_The records_
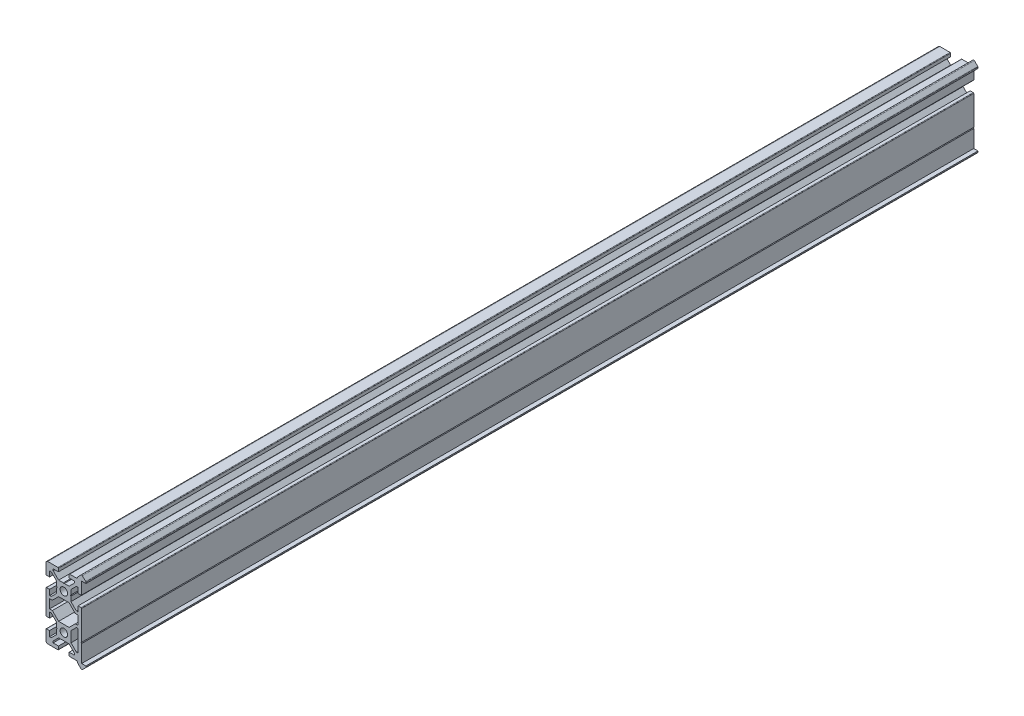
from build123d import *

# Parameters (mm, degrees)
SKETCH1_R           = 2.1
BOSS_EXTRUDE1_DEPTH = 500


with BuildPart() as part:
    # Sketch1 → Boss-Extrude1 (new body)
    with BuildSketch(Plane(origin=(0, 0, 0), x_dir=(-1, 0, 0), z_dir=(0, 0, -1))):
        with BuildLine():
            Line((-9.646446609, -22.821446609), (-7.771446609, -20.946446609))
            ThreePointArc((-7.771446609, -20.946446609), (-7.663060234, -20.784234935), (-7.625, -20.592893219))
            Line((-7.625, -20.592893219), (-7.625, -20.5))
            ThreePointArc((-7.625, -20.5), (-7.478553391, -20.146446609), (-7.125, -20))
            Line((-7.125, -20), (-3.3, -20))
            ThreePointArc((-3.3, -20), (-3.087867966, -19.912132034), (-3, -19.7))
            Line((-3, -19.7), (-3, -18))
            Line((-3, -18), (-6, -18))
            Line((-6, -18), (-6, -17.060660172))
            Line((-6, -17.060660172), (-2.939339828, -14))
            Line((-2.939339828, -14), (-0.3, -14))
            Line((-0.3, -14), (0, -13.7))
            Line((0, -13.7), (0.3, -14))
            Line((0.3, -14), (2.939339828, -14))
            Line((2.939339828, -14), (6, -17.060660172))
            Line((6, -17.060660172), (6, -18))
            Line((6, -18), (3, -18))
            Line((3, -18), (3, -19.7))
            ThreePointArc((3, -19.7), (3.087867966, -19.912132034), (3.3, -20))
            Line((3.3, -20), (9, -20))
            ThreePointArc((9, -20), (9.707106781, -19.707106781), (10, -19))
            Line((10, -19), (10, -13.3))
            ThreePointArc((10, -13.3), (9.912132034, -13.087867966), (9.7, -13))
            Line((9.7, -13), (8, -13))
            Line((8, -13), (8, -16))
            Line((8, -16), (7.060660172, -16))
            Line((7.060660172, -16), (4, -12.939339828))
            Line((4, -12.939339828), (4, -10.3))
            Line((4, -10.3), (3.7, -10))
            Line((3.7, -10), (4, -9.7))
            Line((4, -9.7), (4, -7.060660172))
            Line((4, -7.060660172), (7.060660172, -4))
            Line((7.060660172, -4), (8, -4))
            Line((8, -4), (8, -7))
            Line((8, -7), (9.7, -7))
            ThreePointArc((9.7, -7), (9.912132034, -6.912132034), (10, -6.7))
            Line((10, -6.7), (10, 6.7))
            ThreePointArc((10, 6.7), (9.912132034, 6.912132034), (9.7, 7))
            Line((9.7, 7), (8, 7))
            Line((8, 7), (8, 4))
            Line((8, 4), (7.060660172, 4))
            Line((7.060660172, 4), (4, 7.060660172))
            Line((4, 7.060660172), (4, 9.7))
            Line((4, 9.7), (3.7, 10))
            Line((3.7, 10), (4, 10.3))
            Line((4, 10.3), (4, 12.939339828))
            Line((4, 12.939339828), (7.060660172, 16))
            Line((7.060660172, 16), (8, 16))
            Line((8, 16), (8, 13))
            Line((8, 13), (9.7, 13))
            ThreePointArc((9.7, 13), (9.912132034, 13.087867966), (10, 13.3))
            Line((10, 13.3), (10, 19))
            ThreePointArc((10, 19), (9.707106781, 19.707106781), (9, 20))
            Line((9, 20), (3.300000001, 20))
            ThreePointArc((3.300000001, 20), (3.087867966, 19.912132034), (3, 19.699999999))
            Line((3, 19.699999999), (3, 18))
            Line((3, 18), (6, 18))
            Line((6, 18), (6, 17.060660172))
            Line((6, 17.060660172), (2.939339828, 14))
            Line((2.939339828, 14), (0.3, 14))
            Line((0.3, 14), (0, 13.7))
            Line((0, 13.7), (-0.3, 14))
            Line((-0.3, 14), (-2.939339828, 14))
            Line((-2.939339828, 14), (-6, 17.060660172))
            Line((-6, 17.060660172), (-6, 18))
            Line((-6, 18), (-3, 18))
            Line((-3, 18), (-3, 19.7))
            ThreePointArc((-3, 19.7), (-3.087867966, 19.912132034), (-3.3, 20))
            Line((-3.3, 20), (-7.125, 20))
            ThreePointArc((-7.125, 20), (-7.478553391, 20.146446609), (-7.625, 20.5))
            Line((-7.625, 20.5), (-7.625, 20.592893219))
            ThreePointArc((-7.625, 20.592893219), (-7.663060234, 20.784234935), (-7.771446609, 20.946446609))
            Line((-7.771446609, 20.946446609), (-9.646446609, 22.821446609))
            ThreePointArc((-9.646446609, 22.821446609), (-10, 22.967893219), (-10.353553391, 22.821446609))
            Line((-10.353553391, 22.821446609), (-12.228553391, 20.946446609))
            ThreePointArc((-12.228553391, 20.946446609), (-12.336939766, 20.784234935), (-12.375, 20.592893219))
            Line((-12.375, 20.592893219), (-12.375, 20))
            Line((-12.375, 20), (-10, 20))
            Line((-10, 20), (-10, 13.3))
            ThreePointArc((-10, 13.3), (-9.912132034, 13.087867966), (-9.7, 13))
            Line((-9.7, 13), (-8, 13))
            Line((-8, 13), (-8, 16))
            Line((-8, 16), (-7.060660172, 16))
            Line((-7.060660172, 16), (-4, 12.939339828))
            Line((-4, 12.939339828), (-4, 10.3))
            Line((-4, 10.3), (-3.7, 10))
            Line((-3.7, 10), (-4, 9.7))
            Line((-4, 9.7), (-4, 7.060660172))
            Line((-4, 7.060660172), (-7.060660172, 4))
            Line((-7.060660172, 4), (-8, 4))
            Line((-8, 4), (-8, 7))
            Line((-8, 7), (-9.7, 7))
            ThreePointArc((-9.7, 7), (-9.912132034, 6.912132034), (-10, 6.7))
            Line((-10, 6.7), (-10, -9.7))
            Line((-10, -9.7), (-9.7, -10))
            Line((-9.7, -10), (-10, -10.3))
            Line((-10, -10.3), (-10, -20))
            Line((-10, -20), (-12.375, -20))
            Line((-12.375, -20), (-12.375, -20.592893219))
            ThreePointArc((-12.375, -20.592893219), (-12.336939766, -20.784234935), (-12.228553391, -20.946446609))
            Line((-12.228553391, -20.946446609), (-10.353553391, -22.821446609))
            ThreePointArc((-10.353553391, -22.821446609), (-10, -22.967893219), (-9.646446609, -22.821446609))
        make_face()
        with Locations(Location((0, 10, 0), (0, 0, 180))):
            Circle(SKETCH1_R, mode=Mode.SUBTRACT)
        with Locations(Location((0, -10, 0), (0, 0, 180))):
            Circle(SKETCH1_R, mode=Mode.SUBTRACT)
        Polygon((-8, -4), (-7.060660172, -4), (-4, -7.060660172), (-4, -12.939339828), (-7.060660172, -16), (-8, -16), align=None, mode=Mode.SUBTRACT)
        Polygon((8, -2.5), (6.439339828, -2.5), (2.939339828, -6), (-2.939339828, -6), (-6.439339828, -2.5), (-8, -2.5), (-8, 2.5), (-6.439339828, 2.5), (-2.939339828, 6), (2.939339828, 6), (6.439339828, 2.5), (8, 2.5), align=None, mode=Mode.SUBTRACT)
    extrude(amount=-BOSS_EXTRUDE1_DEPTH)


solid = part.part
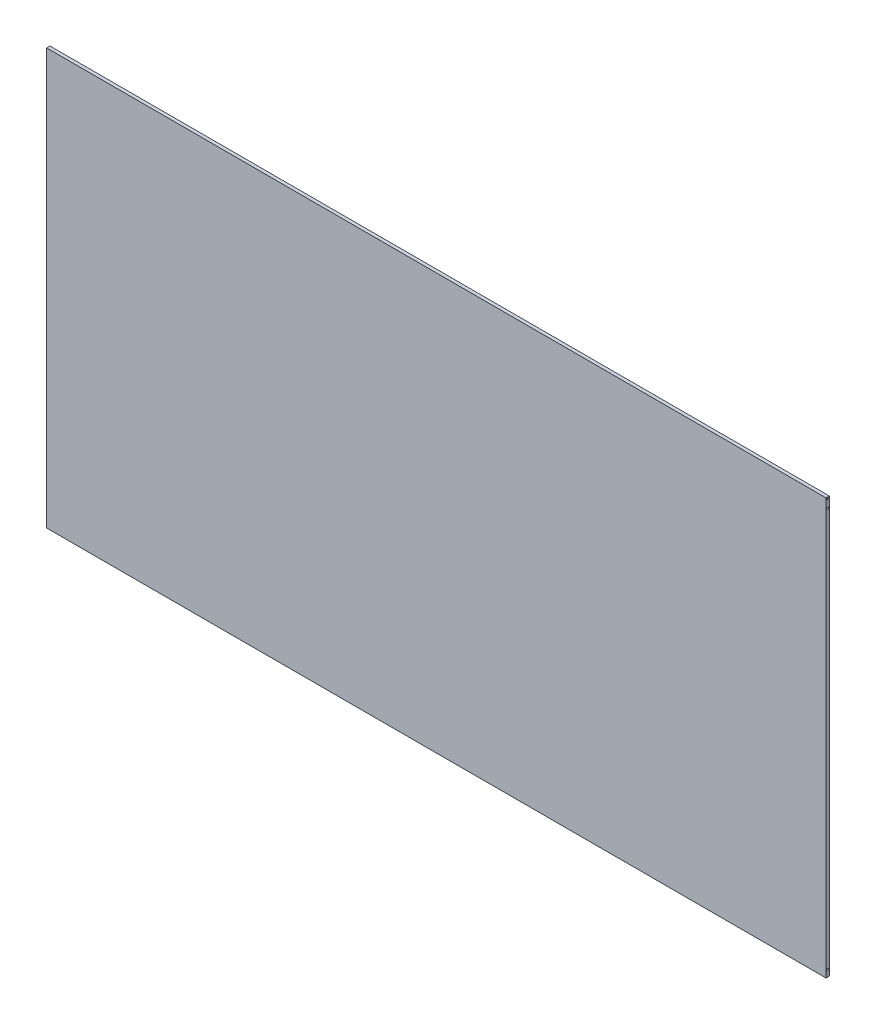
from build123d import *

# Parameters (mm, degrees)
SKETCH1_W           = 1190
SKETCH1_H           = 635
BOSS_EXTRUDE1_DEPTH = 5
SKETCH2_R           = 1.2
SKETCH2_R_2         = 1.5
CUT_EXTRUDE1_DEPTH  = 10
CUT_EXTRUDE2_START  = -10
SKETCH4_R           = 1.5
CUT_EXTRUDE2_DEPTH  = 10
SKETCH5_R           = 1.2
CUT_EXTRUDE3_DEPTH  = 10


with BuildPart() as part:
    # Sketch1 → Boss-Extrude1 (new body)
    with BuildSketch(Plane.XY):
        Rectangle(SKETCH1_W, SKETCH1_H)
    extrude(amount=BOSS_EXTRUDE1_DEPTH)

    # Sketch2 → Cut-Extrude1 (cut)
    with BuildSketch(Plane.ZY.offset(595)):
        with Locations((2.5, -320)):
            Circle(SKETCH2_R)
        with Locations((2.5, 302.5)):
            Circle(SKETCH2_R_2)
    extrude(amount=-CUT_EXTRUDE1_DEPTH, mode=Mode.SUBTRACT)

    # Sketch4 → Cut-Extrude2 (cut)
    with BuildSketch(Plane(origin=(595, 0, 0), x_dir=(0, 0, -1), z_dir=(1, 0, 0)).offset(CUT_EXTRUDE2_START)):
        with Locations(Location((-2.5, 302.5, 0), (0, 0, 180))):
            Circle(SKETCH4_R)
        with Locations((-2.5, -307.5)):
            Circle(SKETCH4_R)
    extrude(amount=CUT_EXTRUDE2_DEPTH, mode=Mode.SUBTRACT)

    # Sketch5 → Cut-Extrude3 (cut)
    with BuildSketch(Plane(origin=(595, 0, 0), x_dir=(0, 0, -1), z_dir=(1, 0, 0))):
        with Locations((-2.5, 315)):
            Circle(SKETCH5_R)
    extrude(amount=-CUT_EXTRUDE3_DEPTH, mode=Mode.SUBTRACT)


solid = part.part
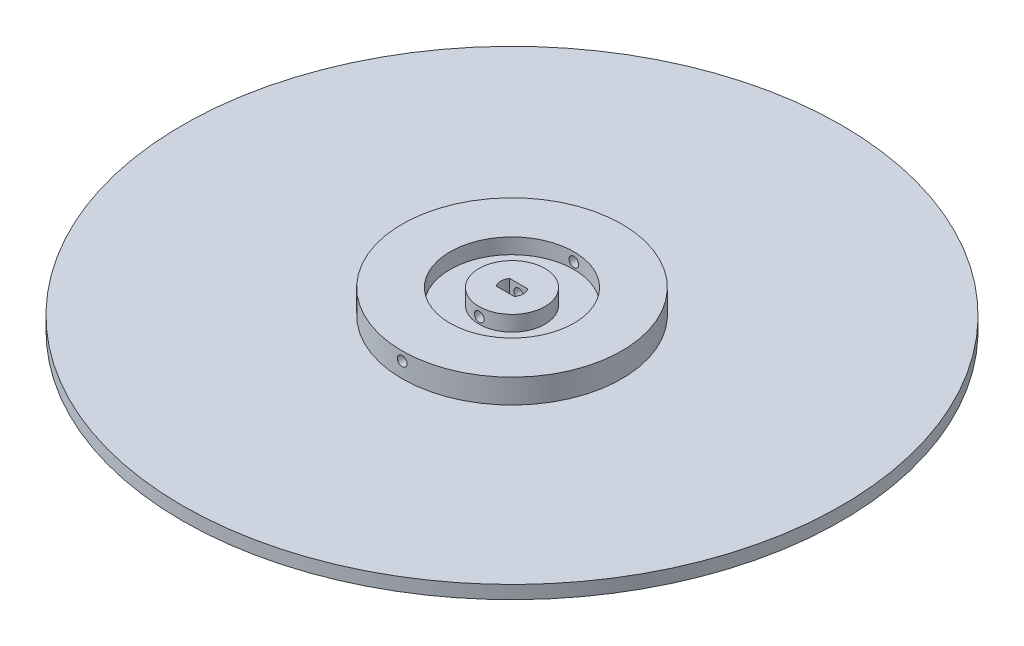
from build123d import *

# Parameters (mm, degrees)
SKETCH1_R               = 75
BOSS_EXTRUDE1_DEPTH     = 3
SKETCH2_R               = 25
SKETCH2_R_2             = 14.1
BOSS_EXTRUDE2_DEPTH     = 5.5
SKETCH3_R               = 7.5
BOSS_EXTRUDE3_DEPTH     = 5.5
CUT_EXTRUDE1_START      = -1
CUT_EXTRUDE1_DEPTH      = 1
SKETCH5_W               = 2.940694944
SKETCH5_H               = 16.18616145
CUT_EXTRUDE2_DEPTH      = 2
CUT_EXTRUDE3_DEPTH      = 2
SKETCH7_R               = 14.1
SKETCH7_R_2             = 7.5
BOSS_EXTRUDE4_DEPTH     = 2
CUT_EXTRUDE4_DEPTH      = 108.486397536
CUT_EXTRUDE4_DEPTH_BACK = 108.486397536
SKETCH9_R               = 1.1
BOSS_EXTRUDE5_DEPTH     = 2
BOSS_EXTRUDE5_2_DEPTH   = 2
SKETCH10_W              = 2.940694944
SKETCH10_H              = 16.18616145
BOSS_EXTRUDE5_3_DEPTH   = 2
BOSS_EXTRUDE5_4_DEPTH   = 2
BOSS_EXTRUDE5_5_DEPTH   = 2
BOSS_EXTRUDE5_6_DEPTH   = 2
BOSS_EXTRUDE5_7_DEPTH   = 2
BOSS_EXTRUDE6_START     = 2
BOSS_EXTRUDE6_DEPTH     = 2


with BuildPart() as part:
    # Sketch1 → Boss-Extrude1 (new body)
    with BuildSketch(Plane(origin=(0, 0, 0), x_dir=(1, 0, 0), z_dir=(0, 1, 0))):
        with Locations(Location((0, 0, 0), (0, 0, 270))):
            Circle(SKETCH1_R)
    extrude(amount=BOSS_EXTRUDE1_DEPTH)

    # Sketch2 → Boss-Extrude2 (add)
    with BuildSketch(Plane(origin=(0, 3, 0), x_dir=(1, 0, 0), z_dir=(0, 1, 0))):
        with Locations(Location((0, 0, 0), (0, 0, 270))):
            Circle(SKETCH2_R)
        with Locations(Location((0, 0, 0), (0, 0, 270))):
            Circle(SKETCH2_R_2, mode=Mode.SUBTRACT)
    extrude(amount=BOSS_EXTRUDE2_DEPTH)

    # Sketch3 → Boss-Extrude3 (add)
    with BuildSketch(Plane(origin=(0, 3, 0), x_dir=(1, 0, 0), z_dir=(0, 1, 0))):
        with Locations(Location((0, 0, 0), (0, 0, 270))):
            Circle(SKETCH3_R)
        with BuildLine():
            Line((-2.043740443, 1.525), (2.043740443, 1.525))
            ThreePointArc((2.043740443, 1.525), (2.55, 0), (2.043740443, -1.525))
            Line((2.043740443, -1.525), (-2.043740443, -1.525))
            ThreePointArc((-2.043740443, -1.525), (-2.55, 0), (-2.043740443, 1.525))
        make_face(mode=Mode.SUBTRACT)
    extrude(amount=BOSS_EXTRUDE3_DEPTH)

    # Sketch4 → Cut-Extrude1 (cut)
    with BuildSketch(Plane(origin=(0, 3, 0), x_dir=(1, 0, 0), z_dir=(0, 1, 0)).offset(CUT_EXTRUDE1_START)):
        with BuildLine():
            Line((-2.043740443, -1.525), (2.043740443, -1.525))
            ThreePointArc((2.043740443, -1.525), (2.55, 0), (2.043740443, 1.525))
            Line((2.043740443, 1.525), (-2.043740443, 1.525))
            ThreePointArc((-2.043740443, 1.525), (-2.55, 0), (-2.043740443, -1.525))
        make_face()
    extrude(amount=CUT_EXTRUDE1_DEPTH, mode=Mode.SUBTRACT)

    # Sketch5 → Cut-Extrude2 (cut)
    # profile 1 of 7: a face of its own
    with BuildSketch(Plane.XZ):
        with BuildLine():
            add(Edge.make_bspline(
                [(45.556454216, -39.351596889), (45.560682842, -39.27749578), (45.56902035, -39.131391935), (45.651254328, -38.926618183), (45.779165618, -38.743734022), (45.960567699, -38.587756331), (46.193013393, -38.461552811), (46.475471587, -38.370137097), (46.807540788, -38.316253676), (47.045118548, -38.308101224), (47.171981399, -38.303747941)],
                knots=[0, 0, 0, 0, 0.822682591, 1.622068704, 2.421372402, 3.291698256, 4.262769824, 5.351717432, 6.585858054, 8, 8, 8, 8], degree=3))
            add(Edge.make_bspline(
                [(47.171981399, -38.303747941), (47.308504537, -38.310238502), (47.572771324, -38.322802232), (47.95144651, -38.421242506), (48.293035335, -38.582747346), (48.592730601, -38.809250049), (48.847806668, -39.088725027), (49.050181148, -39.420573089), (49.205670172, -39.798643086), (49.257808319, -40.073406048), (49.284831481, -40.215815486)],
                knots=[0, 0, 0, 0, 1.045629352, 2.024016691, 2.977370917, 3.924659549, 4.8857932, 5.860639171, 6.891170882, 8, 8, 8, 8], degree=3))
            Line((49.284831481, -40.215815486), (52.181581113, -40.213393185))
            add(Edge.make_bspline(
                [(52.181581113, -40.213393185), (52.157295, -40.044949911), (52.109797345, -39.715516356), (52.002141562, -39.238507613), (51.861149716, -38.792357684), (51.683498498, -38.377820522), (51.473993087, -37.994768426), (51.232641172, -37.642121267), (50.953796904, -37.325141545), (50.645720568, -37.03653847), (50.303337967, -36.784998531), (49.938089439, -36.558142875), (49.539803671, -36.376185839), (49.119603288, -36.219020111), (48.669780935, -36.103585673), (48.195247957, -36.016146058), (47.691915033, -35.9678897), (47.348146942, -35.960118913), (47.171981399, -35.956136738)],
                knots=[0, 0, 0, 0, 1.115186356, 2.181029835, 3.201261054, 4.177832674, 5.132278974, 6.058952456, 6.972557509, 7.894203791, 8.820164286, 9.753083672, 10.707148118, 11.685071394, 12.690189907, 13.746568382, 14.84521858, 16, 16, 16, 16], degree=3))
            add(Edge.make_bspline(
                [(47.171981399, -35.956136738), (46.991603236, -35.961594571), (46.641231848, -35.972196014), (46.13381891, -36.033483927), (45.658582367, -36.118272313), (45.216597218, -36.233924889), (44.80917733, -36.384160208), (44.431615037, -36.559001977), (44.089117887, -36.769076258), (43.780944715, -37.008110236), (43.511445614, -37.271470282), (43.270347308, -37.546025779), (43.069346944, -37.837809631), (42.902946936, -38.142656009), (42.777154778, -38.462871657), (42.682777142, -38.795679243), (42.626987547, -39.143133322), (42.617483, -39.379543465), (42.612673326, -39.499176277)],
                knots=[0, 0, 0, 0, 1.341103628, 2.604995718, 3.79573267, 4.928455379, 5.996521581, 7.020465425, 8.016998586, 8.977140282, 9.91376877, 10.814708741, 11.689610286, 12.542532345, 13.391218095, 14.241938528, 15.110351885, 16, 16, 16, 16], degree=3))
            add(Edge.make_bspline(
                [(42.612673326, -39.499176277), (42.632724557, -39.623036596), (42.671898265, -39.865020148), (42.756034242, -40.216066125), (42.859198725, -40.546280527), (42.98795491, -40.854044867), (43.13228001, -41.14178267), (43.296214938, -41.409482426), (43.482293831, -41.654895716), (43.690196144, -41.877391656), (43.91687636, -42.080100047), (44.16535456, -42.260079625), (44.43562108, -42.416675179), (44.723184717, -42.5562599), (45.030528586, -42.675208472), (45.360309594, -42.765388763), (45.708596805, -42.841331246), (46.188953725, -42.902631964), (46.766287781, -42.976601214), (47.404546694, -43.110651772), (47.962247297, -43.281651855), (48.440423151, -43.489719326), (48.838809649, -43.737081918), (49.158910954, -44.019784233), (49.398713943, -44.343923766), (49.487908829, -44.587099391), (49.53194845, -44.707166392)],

_Assigned task_
Set down, exactly as they stand above, the lines starting with the line with "Line((-8, 16), (-7.060660172, 16))" and going on through the line with "-20.784234935), (-12.228553391, -20.946446609))", and no others.

_Exercise output_
            Line((-8, 16), (-7.060660172, 16))
            Line((-7.060660172, 16), (-4, 12.939339828))
            Line((-4, 12.939339828), (-4, 10.3))
            Line((-4, 10.3), (-3.7, 10))
            Line((-3.7, 10), (-4, 9.7))
            Line((-4, 9.7), (-4, 7.060660172))
            Line((-4, 7.060660172), (-7.060660172, 4))
            Line((-7.060660172, 4), (-8, 4))
            Line((-8, 4), (-8, 7))
            Line((-8, 7), (-9.7, 7))
            ThreePointArc((-9.7, 7), (-9.912132034, 6.912132034), (-10, 6.7))
            Line((-10, 6.7), (-10, -9.7))
            Line((-10, -9.7), (-9.7, -10))
            Line((-9.7, -10), (-10, -10.3))
            Line((-10, -10.3), (-10, -20))
            Line((-10, -20), (-12.375, -20))
            Line((-12.375, -20), (-12.375, -20.592893219))
            ThreePointArc((-12.375, -20.592893219), (-12.336939766, -20.784234935), (-12.228553391, -20.946446609))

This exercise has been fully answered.